As CBFalconer said, the ar archiver was used for other things before tar
became widespread enough to be the archiver of choice. (Although seeing
shell archives is more common among old Unix source archives, a shell
archive is really just a shell program. You can see the potential for
abuse.)

Secondly, it's more common for extensions to describe the format of a file
and not its use. (Except for executable files, which ideally shouldn't
have extensions at all, no matter what they look like internally.)

Unix doesn't use file extensions at all...

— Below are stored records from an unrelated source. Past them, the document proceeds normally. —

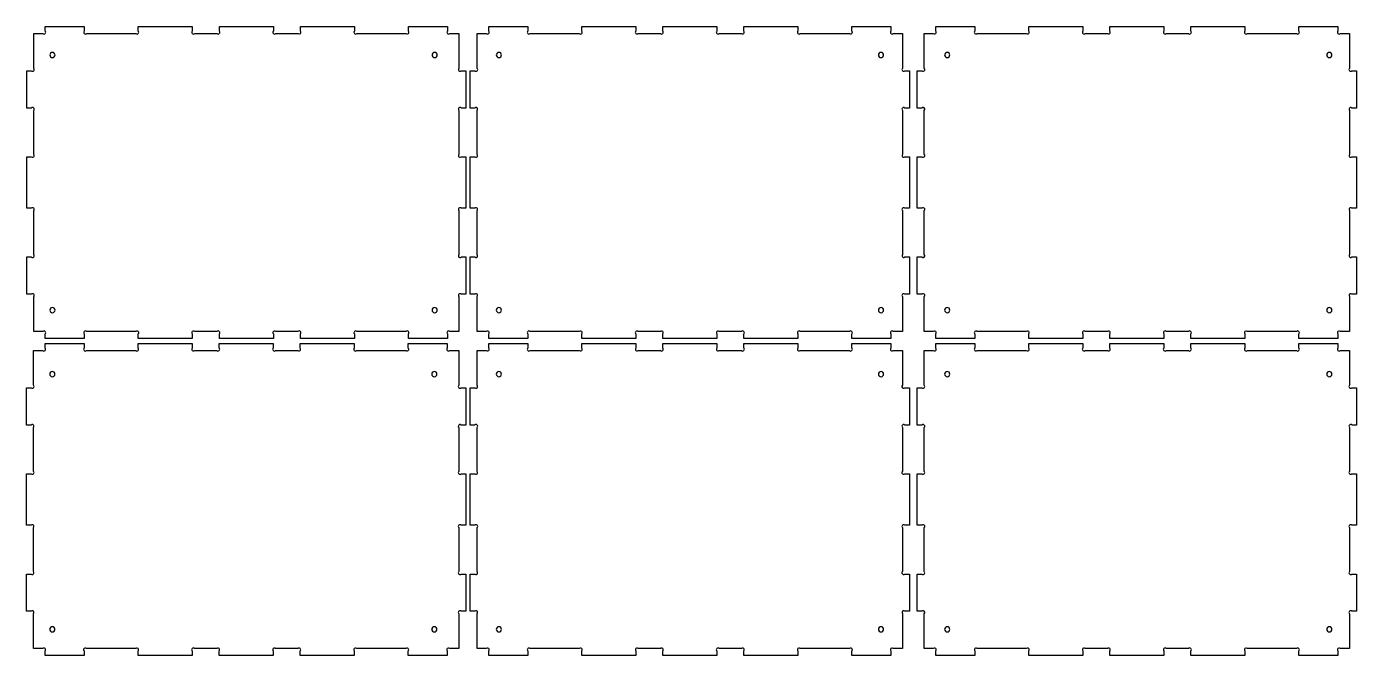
# Model space of a CAD drawing. Extents: x 43 to 2344, y 19 to 1108.
import ezdxf

# ---------------------------------------------------------------- set-up
doc = ezdxf.new("R2010")
doc.units = 0
doc.layers.add('6MM_MDF_BOTOM_HOLDDOWN', color=18, linetype='CONTINUOUS')
doc.layers.add('6MM_MDF_BOTTOM_CUTOUT', color=18, linetype='CONTINUOUS')

msp = doc.modelspace()

# ---------------------------------------------------------------- linework, layer by layer
at = {"layer": '6MM_MDF_BOTOM_HOLDDOWN'}
for points in [[(87.5, 1063.5, 0.414214), (83, 1059, 0.414214), (87.5, 1054.5, 0.414214), (92, 1059, 0.414214)], [(748.9, 1063.5, 0.414214), (744.4, 1059, 0.414214), (748.9, 1054.5, 0.414214), (753.4, 1059, 0.414214)], [(860.1, 1063.5, 0.414214), (855.6, 1059, 0.414214), (860.1, 1054.5, 0.414214), (864.6, 1059, 0.414214)], [(1521.5, 1063.5, 0.414214), (1517, 1059, 0.414214), (1521.5, 1054.5, 0.414214), (1526, 1059, 0.414214)], [(1636.1, 1063.5, 0.414214), (1631.6, 1059, 0.414214), (1636.1, 1054.5, 0.414214), (1640.6, 1059, 0.414214)], [(2297.4, 1063.5, 0.414214), (2292.9, 1059, 0.414214), (2297.4, 1054.5, 0.414214), (2301.9, 1059, 0.414214)], [(87.5, 621.7, 0.414214), (83, 617.2, 0.414214), (87.5, 612.7, 0.414214), (92, 617.2, 0.414214)], [(748.9, 621.7, 0.414214), (744.4, 617.2, 0.414214), (748.9, 612.7, 0.414214), (753.4, 617.2, 0.414214)], [(860.1, 621.7, 0.414214), (855.6, 617.2, 0.414214), (860.1, 612.7, 0.414214), (864.6, 617.2, 0.414214)], [(1521.5, 621.7, 0.414214), (1517, 617.2, 0.414214), (1521.5, 612.7, 0.414214), (1526, 617.2, 0.414214)], [(1636.1, 621.7, 0.414214), (1631.6, 617.2, 0.414214), (1636.1, 612.7, 0.414214), (1640.6, 617.2, 0.414214)], [(2297.4, 621.7, 0.414214), (2292.9, 617.2, 0.414214), (2297.4, 612.7, 0.414214), (2301.9, 617.2, 0.414214)], [(87.2, 510.8, 0.414214), (82.7, 506.3, 0.414214), (87.2, 501.8, 0.414214), (91.7, 506.3, 0.414214)], [(748.5, 510.8, 0.414214), (744, 506.3, 0.414214), (748.5, 501.8, 0.414214), (753, 506.3, 0.414214)], [(860.1, 510.8, 0.414214), (855.6, 506.3, 0.414214), (860.1, 501.8, 0.414214), (864.6, 506.3, 0.414214)], [(1521.5, 510.8, 0.414214), (1517, 506.3, 0.414214), (1521.5, 501.8, 0.414214), (1526, 506.3, 0.414214)], [(1636.1, 510.8, 0.414214), (1631.6, 506.3, 0.414214), (1636.1, 501.8, 0.414214), (1640.6, 506.3, 0.414214)], [(2297.4, 510.8, 0.414214), (2292.9, 506.3, 0.414214), (2297.4, 501.8, 0.414214), (2301.9, 506.3, 0.414214)], [(87.2, 68.9, 0.414214), (82.7, 64.4, 0.414214), (87.2, 59.9, 0.414214), (91.7, 64.4, 0.414214)], [(748.5, 68.9, 0.414214), (744, 64.4, 0.414214), (748.5, 59.9, 0.414214), (753, 64.4, 0.414214)], [(860.1, 68.9, 0.414214), (855.6, 64.4, 0.414214), (860.1, 59.9, 0.414214), (864.6, 64.4, 0.414214)], [(1521.5, 68.9, 0.414214), (1517, 64.4, 0.414214), (1521.5, 59.9, 0.414214), (1526, 64.4, 0.414214)], [(1636.1, 68.9, 0.414214), (1631.6, 64.4, 0.414214), (1636.1, 59.9, 0.414214), (1640.6, 64.4, 0.414214)], [(2297.4, 68.9, 0.414214), (2292.9, 64.4, 0.414214), (2297.4, 59.9, 0.414214), (2301.9, 64.4, 0.414214)]]:
    msp.add_lwpolyline(points, format="xyb", close=True, dxfattribs=at)
at = {"layer": '6MM_MDF_BOTTOM_CUTOUT'}
for points in [[(771, 1108.2), (771, 1100.4, 1), (775.3, 1096.2), (791, 1096.2), (791, 1035.9, 1), (795.3, 1031.7), (803, 1031.7), (803, 967.2), (795.3, 967.2, 1), (791, 963), (791, 886.9, 1), (795.3, 882.7), (803, 882.7), (803, 793.7), (795.3, 793.7, 1), (791, 789.5), (791, 713.4, 1), (795.3, 709.2), (803, 709.2), (803, 644.7), (795.3, 644.7, 1), (791, 640.5), (791, 580.2), (775.3, 580.2, 1), (771, 576), (771, 568.2), (703.5, 568.2), (703.5, 576, 1), (699.3, 580.2), (614.3, 580.2, 1), (610, 576), (610, 568.2), (516.5, 568.2), (516.5, 576, 1), (512.3, 580.2), (474, 580.2, 1), (469.8, 576), (469.8, 568.2), (376.3, 568.2), (376.3, 576, 1), (372, 580.2), (333.8, 580.2, 1), (329.5, 576), (329.5, 568.2), (236, 568.2), (236, 576, 1), (231.8, 580.2), (146.8, 580.2, 1), (142.5, 576), (142.5, 568.2), (75, 568.2), (75, 576, 1), (70.8, 580.2), (55, 580.2), (55, 640.5, 1), (50.8, 644.7), (43, 644.7), (43, 709.2), (50.8, 709.2, 1), (55, 713.4), (55, 789.5, 1), (50.8, 793.7), (43, 793.7), (43, 882.7), (50.8, 882.7, 1), (55, 886.9), (55, 963, 1), (50.8, 967.2), (43, 967.2), (43, 1031.7), (50.8, 1031.7, 1), (55, 1035.9), (55, 1096.2), (70.8, 1096.2, 1), (75, 1100.4), (75, 1108.2), (142.5, 1108.2), (142.5, 1100.4, 1), (146.8, 1096.2), (231.8, 1096.2, 1), (236, 1100.4), (236, 1108.2), (329.5, 1108.2), (329.5, 1100.4, 1), (333.8, 1096.2), (372, 1096.2, 1), (376.3, 1100.4), (376.3, 1108.2), (469.8, 1108.2), (469.8, 1100.4, 1), (474, 1096.2), (512.3, 1096.2, 1), (516.5, 1100.4), (516.5, 1108.2), (610, 1108.2), (610, 1100.4, 1), (614.3, 1096.2), (699.3, 1096.2, 1), (703.5, 1100.4), (703.5, 1108.2)], [(1538.6, 1108.2), (1538.6, 1100.4, 1), (1542.8, 1096.2), (1558.6, 1096.2), (1558.6, 1035.9, 1), (1562.8, 1031.7), (1570.6, 1031.7), (1570.6, 967.2), (1562.8, 967.2, 1), (1558.6, 963), (1558.6, 886.9, 1), (1562.8, 882.7), (1570.6, 882.7), (1570.6, 793.7), (1562.8, 793.7, 1), (1558.6, 789.5), (1558.6, 713.4, 1), (1562.8, 709.2), (1570.6, 709.2), (1570.6, 644.7), (1562.8, 644.7, 1), (1558.6, 640.5), (1558.6, 580.2), (1542.8, 580.2, 1), (1538.6, 576), (1538.6, 568.2), (1471.1, 568.2), (1471.1, 576, 1), (1466.8, 580.2), (1381.8, 580.2, 1), (1377.6, 576), (1377.6, 568.2), (1284.1, 568.2), (1284.1, 576, 1), (1279.8, 580.2), (1241.6, 580.2, 1), (1237.3, 576), (1237.3, 568.2), (1143.8, 568.2), (1143.8, 576, 1), (1139.6, 580.2), (1101.3, 580.2, 1), (1097.1, 576), (1097.1, 568.2), (1003.6, 568.2), (1003.6, 576, 1), (999.3, 580.2), (914.3, 580.2, 1), (910.1, 576), (910.1, 568.2), (842.6, 568.2), (842.6, 576, 1), (838.3, 580.2), (822.6, 580.2), (822.6, 640.5, 1), (818.3, 644.7), (810.6, 644.7), (810.6, 709.2), (818.3, 709.2, 1), (822.6, 713.4), (822.6, 789.5, 1), (818.3, 793.7), (810.6, 793.7), (810.6, 882.7), (818.3, 882.7, 1), (822.6, 886.9), (822.6, 963, 1), (818.3, 967.2), (810.6, 967.2), (810.6, 1031.7), (818.3, 1031.7, 1), (822.6, 1035.9), (822.6, 1096.2), (838.3, 1096.2, 1), (842.6, 1100.4), (842.6, 1108.2), (910.1, 1108.2), (910.1, 1100.4, 1), (914.3, 1096.2), (999.3, 1096.2, 1), (1003.6, 1100.4), (1003.6, 1108.2), (1097.1, 1108.2), (1097.1, 1100.4, 1), (1101.3, 1096.2), (1139.6, 1096.2, 1), (1143.8, 1100.4), (1143.8, 1108.2), (1237.3, 1108.2), (1237.3, 1100.4, 1), (1241.6, 1096.2), (1279.8, 1096.2, 1), (1284.1, 1100.4), (1284.1, 1108.2), (1377.6, 1108.2), (1377.6, 1100.4, 1), (1381.8, 1096.2), (1466.8, 1096.2, 1), (1471.1, 1100.4), (1471.1, 1108.2)], [(2312.3, 1108.2), (2312.3, 1100.4, 1), (2316.5, 1096.2), (2332.3, 1096.2), (2332.3, 1035.9, 1), (2336.5, 1031.7), (2344.3, 1031.7), (2344.3, 967.2), (2336.5, 967.2, 1), (2332.3, 963), (2332.3, 886.9, 1), (2336.5, 882.7), (2344.3, 882.7), (2344.3, 793.7), (2336.5, 793.7, 1), (2332.3, 789.5), (2332.3, 713.4, 1), (2336.5, 709.2), (2344.3, 709.2), (2344.3, 644.7), (2336.5, 644.7, 1), (2332.3, 640.5), (2332.3, 580.2), (2316.5, 580.2, 1), (2312.3, 576), (2312.3, 568.2), (2244.8, 568.2), (2244.8, 576, 1), (2240.5, 580.2), (2155.5, 580.2, 1), (2151.3, 576), (2151.3, 568.2), (2057.8, 568.2), (2057.8, 576, 1), (2053.5, 580.2), (2015.3, 580.2, 1), (2011, 576), (2011, 568.2), (1917.5, 568.2), (1917.5, 576, 1), (1913.3, 580.2), (1875, 580.2, 1), (1870.8, 576), (1870.8, 568.2), (1777.3, 568.2), (1777.3, 576, 1), (1773, 580.2), (1688, 580.2, 1), (1683.8, 576), (1683.8, 568.2), (1616.3, 568.2), (1616.3, 576, 1), (1612, 580.2), (1596.3, 580.2), (1596.3, 640.5, 1), (1592, 644.7), (1584.3, 644.7), (1584.3, 709.2), (1592, 709.2, 1), (1596.3, 713.4), (1596.3, 789.5, 1), (1592, 793.7), (1584.3, 793.7), (1584.3, 882.7), (1592, 882.7, 1), (1596.3, 886.9), (1596.3, 963, 1), (1592, 967.2), (1584.3, 967.2), (1584.3, 1031.7), (1592, 1031.7, 1), (1596.3, 1035.9), (1596.3, 1096.2), (1612, 1096.2, 1), (1616.3, 1100.4), (1616.3, 1108.2), (1683.8, 1108.2), (1683.8, 1100.4, 1), (1688, 1096.2), (1773, 1096.2, 1), (1777.3, 1100.4), (1777.3, 1108.2), (1870.8, 1108.2), (1870.8, 1100.4, 1), (1875, 1096.2), (1913.3, 1096.2, 1), (1917.5, 1100.4), (1917.5, 1108.2), (2011, 1108.2), (2011, 1100.4, 1), (2015.3, 1096.2), (2053.5, 1096.2, 1), (2057.8, 1100.4), (2057.8, 1108.2), (2151.3, 1108.2), (2151.3, 1100.4, 1), (2155.5, 1096.2), (2240.5, 1096.2, 1), (2244.8, 1100.4), (2244.8, 1108.2)], [(770.7, 559.2), (770.7, 551.5, 1), (775, 547.2), (790.7, 547.2), (790.7, 487, 1), (795, 482.7), (802.7, 482.7), (802.7, 418.2), (795, 418.2, 1), (790.7, 414), (790.7, 338, 1), (795, 333.7), (802.7, 333.7), (802.7, 244.7), (795, 244.7, 1), (790.7, 240.5), (790.7, 164.5, 1), (795, 160.2), (802.7, 160.2), (802.7, 95.7), (795, 95.7, 1), (790.7, 91.5), (790.7, 31.2), (775, 31.2, 1), (770.7, 27), (770.7, 19.2), (703.2, 19.2), (703.2, 27, 1), (699, 31.2), (614, 31.2, 1), (609.7, 27), (609.7, 19.2), (516.2, 19.2), (516.2, 27, 1), (512, 31.2), (473.7, 31.2, 1), (469.5, 27), (469.5, 19.2), (376, 19.2), (376, 27, 1), (371.7, 31.2), (333.5, 31.2, 1), (329.2, 27), (329.2, 19.2), (235.7, 19.2), (235.7, 27, 1), (231.5, 31.2), (146.5, 31.2, 1), (142.2, 27), (142.2, 19.2), (74.7, 19.2), (74.7, 27, 1), (70.5, 31.2), (54.7, 31.2), (54.7, 91.5, 1), (50.5, 95.7), (42.7, 95.7), (42.7, 160.2), (50.5, 160.2, 1), (54.7, 164.5), (54.7, 240.5, 1), (50.5, 244.7), (42.7, 244.7), (42.7, 333.7), (50.5, 333.7, 1), (54.7, 338), (54.7, 414, 1), (50.5, 418.2), (42.7, 418.2), (42.7, 482.7), (50.5, 482.7, 1), (54.7, 487), (54.7, 547.2), (70.5, 547.2, 1), (74.7, 551.5), (74.7, 559.2), (142.2, 559.2), (142.2, 551.5, 1), (146.5, 547.2), (231.5, 547.2, 1), (235.7, 551.5), (235.7, 559.2), (329.2, 559.2), (329.2, 551.5, 1), (333.5, 547.2), (371.7, 547.2, 1), (376, 551.5), (376, 559.2), (469.5, 559.2), (469.5, 551.5, 1), (473.7, 547.2), (512, 547.2, 1), (516.2, 551.5), (516.2, 559.2), (609.7, 559.2), (609.7, 551.5, 1), (614, 547.2), (699, 547.2, 1), (703.2, 551.5), (703.2, 559.2)], [(1538.6, 559.2), (1538.6, 551.5, 1), (1542.8, 547.2), (1558.6, 547.2), (1558.6, 487, 1), (1562.8, 482.7), (1570.6, 482.7), (1570.6, 418.2), (1562.8, 418.2, 1), (1558.6, 414), (1558.6, 338, 1), (1562.8, 333.7), (1570.6, 333.7), (1570.6, 244.7), (1562.8, 244.7, 1), (1558.6, 240.5), (1558.6, 164.5, 1), (1562.8, 160.2), (1570.6, 160.2), (1570.6, 95.7), (1562.8, 95.7, 1), (1558.6, 91.5), (1558.6, 31.2), (1542.8, 31.2, 1), (1538.6, 27), (1538.6, 19.2), (1471.1, 19.2), (1471.1, 27, 1), (1466.8, 31.2), (1381.8, 31.2, 1), (1377.6, 27), (1377.6, 19.2), (1284.1, 19.2), (1284.1, 27, 1), (1279.8, 31.2), (1241.6, 31.2, 1), (1237.3, 27), (1237.3, 19.2), (1143.8, 19.2), (1143.8, 27, 1), (1139.6, 31.2), (1101.3, 31.2, 1), (1097.1, 27), (1097.1, 19.2), (1003.6, 19.2), (1003.6, 27, 1), (999.3, 31.2), (914.3, 31.2, 1), (910.1, 27), (910.1, 19.2), (842.6, 19.2), (842.6, 27, 1), (838.3, 31.2), (822.6, 31.2), (822.6, 91.5, 1), (818.3, 95.7), (810.6, 95.7), (810.6, 160.2), (818.3, 160.2, 1), (822.6, 164.5), (822.6, 240.5, 1), (818.3, 244.7), (810.6, 244.7), (810.6, 333.7), (818.3, 333.7, 1), (822.6, 338), (822.6, 414, 1), (818.3, 418.2), (810.6, 418.2), (810.6, 482.7), (818.3, 482.7, 1), (822.6, 487), (822.6, 547.2), (838.3, 547.2, 1), (842.6, 551.5), (842.6, 559.2), (910.1, 559.2), (910.1, 551.5, 1), (914.3, 547.2), (999.3, 547.2, 1), (1003.6, 551.5), (1003.6, 559.2), (1097.1, 559.2), (1097.1, 551.5, 1), (1101.3, 547.2), (1139.6, 547.2, 1), (1143.8, 551.5), (1143.8, 559.2), (1237.3, 559.2), (1237.3, 551.5, 1), (1241.6, 547.2), (1279.8, 547.2, 1), (1284.1, 551.5), (1284.1, 559.2), (1377.6, 559.2), (1377.6, 551.5, 1), (1381.8, 547.2), (1466.8, 547.2, 1), (1471.1, 551.5), (1471.1, 559.2)], [(2312.3, 559.2), (2312.3, 551.5, 1), (2316.5, 547.2), (2332.3, 547.2), (2332.3, 487, 1), (2336.5, 482.7), (2344.3, 482.7), (2344.3, 418.2), (2336.5, 418.2, 1), (2332.3, 414), (2332.3, 338, 1), (2336.5, 333.7), (2344.3, 333.7), (2344.3, 244.7), (2336.5, 244.7, 1), (2332.3, 240.5), (2332.3, 164.5, 1), (2336.5, 160.2), (2344.3, 160.2), (2344.3, 95.7), (2336.5, 95.7, 1), (2332.3, 91.5), (2332.3, 31.2), (2316.5, 31.2, 1), (2312.3, 27), (2312.3, 19.2), (2244.8, 19.2), (2244.8, 27, 1), (2240.5, 31.2), (2155.5, 31.2, 1), (2151.3, 27), (2151.3, 19.2), (2057.8, 19.2), (2057.8, 27, 1), (2053.5, 31.2), (2015.3, 31.2, 1), (2011, 27), (2011, 19.2), (1917.5, 19.2), (1917.5, 27, 1), (1913.3, 31.2), (1875, 31.2, 1), (1870.8, 27), (1870.8, 19.2), (1777.3, 19.2), (1777.3, 27, 1), (1773, 31.2), (1688, 31.2, 1), (1683.8, 27), (1683.8, 19.2), (1616.3, 19.2), (1616.3, 27, 1), (1612, 31.2), (1596.3, 31.2), (1596.3, 91.5, 1), (1592, 95.7), (1584.3, 95.7), (1584.3, 160.2), (1592, 160.2, 1), (1596.3, 164.5), (1596.3, 240.5, 1), (1592, 244.7), (1584.3, 244.7), (1584.3, 333.7), (1592, 333.7, 1), (1596.3, 338), (1596.3, 414, 1), (1592, 418.2), (1584.3, 418.2), (1584.3, 482.7), (1592, 482.7, 1), (1596.3, 487), (1596.3, 547.2), (1612, 547.2, 1), (1616.3, 551.5), (1616.3, 559.2), (1683.8, 559.2), (1683.8, 551.5, 1), (1688, 547.2), (1773, 547.2, 1), (1777.3, 551.5), (1777.3, 559.2), (1870.8, 559.2), (1870.8, 551.5, 1), (1875, 547.2), (1913.3, 547.2, 1), (1917.5, 551.5), (1917.5, 559.2), (2011, 559.2), (2011, 551.5, 1), (2015.3, 547.2), (2053.5, 547.2, 1), (2057.8, 551.5), (2057.8, 559.2), (2151.3, 559.2), (2151.3, 551.5, 1), (2155.5, 547.2), (2240.5, 547.2, 1), (2244.8, 551.5), (2244.8, 559.2)]]:
    msp.add_lwpolyline(points, format="xyb", close=True, dxfattribs=at)

doc.saveas('drawing.dxf')

Then, pray tell, what are the prefixes used in conjunction with the .tar
suffix? How about the .c or .o suffix?

The common convention is that the name of the directory containing a file
together with the file name suffix provide an indication about the file's
use. So, if the directory name is "lib" and the suffix is .a, the "lib"
prefix is as redundant as you can get.
So, really, it's the same reason the compilers don't scan libm.a by
default: Tradition.

Nope: you can't *explain* tradition by invoking it ;-)

Dan
 
D

Dave Thompson

Dik T. Winter said:
Sprunk" <[email protected]> writes:

Linux will load ELF objects and begin execution wherever the ELF header
specifies. There may be common values for those addresses, but any value in
the first 2GB of virtual memory works on the i386 platform. I don't know
about other platforms Linux runs on, nor do I have any clue how COFF objects
work on i386.
M$ PE~COFF (at least) does have a start-address field.

However, *original* Unix did start at virtual 0 -- and "a.out" format
began with an 8-word header whose first word was (always) 0407, the
PDP-11 instruction to branch over the 7 remaining words to the first
actual code (thus) always at virtual byte 020. AFAICT, this plus ar
originated the now-hoary convention of identifying file formats by a
"magic number" in the first 2 or nowadays often 4-8 bytes.